**ASSIGNED TASK**:
Print the entries below exactly as they appear, from the first line up to and including the line with "#10=(LENGTH_UNIT() NAMED_UNIT(*) SI_UNIT(.MILLI.,.METRE.));". Do not print any pictures.

Dataset entries:

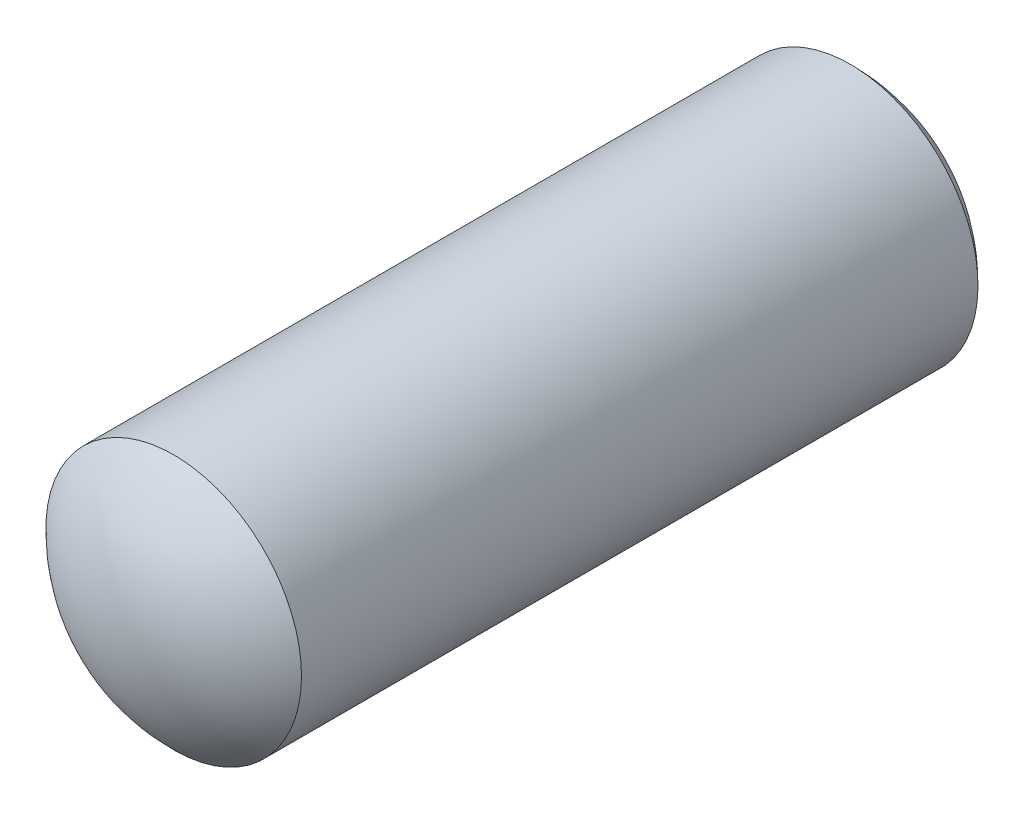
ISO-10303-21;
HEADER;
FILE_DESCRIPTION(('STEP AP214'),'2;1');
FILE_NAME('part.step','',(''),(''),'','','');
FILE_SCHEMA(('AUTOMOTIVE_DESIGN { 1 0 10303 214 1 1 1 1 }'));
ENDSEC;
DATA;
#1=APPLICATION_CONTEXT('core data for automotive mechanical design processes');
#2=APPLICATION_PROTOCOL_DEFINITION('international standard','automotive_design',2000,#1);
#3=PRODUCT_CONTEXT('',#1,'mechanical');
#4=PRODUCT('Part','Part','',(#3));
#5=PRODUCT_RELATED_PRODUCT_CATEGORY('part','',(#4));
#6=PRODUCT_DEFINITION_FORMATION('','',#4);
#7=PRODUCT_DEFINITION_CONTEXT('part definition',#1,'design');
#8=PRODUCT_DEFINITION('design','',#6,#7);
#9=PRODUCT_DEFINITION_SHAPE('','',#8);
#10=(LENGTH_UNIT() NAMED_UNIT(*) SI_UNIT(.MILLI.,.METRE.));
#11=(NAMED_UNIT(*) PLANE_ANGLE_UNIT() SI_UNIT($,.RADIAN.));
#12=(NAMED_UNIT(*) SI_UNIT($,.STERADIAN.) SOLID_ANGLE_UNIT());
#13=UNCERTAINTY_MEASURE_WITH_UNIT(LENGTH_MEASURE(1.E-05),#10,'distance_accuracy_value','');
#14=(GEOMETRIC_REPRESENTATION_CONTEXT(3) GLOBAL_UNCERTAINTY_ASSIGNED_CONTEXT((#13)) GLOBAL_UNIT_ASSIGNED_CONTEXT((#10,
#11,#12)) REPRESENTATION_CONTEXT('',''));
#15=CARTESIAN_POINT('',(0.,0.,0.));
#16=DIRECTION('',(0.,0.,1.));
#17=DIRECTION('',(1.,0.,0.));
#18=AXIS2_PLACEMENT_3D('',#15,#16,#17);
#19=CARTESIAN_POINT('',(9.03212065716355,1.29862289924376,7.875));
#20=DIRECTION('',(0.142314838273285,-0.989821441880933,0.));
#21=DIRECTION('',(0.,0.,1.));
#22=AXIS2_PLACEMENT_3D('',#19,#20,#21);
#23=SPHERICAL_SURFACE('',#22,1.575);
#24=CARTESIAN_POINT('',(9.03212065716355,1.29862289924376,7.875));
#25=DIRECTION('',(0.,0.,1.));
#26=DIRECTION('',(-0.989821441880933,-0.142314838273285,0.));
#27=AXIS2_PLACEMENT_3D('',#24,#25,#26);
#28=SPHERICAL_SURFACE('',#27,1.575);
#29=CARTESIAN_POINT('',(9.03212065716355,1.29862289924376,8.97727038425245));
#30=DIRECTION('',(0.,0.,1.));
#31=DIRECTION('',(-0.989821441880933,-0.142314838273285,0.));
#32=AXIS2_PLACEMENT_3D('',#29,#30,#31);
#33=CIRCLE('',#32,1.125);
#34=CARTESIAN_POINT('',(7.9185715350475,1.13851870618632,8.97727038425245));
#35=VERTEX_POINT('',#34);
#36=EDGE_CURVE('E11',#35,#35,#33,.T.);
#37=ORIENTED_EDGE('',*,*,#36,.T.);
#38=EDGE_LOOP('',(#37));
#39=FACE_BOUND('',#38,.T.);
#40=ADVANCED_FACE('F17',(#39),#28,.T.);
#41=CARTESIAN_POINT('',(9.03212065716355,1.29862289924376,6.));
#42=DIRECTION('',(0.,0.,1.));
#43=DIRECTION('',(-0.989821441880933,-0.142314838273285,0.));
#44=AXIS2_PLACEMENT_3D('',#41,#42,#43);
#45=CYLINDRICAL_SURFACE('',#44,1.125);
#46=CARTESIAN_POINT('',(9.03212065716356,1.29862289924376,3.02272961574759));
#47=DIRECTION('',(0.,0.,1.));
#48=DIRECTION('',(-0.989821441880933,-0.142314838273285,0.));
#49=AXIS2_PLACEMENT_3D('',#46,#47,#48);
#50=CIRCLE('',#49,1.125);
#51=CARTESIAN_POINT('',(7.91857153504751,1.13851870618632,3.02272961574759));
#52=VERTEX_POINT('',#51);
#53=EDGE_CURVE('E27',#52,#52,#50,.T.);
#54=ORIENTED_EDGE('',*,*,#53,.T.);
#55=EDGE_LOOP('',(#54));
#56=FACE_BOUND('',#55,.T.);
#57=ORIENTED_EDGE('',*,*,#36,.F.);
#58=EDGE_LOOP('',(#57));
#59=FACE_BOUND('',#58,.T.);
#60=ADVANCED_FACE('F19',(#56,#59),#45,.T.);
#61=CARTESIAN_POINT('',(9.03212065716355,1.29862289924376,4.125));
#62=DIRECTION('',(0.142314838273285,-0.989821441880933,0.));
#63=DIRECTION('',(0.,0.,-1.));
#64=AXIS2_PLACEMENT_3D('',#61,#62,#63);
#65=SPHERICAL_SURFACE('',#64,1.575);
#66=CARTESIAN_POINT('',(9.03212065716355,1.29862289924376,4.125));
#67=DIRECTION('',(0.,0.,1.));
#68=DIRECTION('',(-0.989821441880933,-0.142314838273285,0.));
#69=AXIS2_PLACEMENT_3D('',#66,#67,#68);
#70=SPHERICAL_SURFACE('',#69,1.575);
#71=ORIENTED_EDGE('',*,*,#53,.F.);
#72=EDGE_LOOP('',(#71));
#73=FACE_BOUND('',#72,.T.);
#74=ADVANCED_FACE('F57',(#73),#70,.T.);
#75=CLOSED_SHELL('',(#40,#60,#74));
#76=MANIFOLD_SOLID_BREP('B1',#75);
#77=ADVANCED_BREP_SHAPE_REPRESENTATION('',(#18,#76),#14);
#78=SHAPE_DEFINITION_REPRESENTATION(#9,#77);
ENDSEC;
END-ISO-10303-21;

**FINISHED EXERCISE**:
ISO-10303-21;
HEADER;
FILE_DESCRIPTION(('STEP AP214'),'2;1');
FILE_NAME('part.step','',(''),(''),'','','');
FILE_SCHEMA(('AUTOMOTIVE_DESIGN { 1 0 10303 214 1 1 1 1 }'));
ENDSEC;
DATA;
#1=APPLICATION_CONTEXT('core data for automotive mechanical design processes');
#2=APPLICATION_PROTOCOL_DEFINITION('international standard','automotive_design',2000,#1);
#3=PRODUCT_CONTEXT('',#1,'mechanical');
#4=PRODUCT('Part','Part','',(#3));
#5=PRODUCT_RELATED_PRODUCT_CATEGORY('part','',(#4));
#6=PRODUCT_DEFINITION_FORMATION('','',#4);
#7=PRODUCT_DEFINITION_CONTEXT('part definition',#1,'design');
#8=PRODUCT_DEFINITION('design','',#6,#7);
#9=PRODUCT_DEFINITION_SHAPE('','',#8);
#10=(LENGTH_UNIT() NAMED_UNIT(*) SI_UNIT(.MILLI.,.METRE.));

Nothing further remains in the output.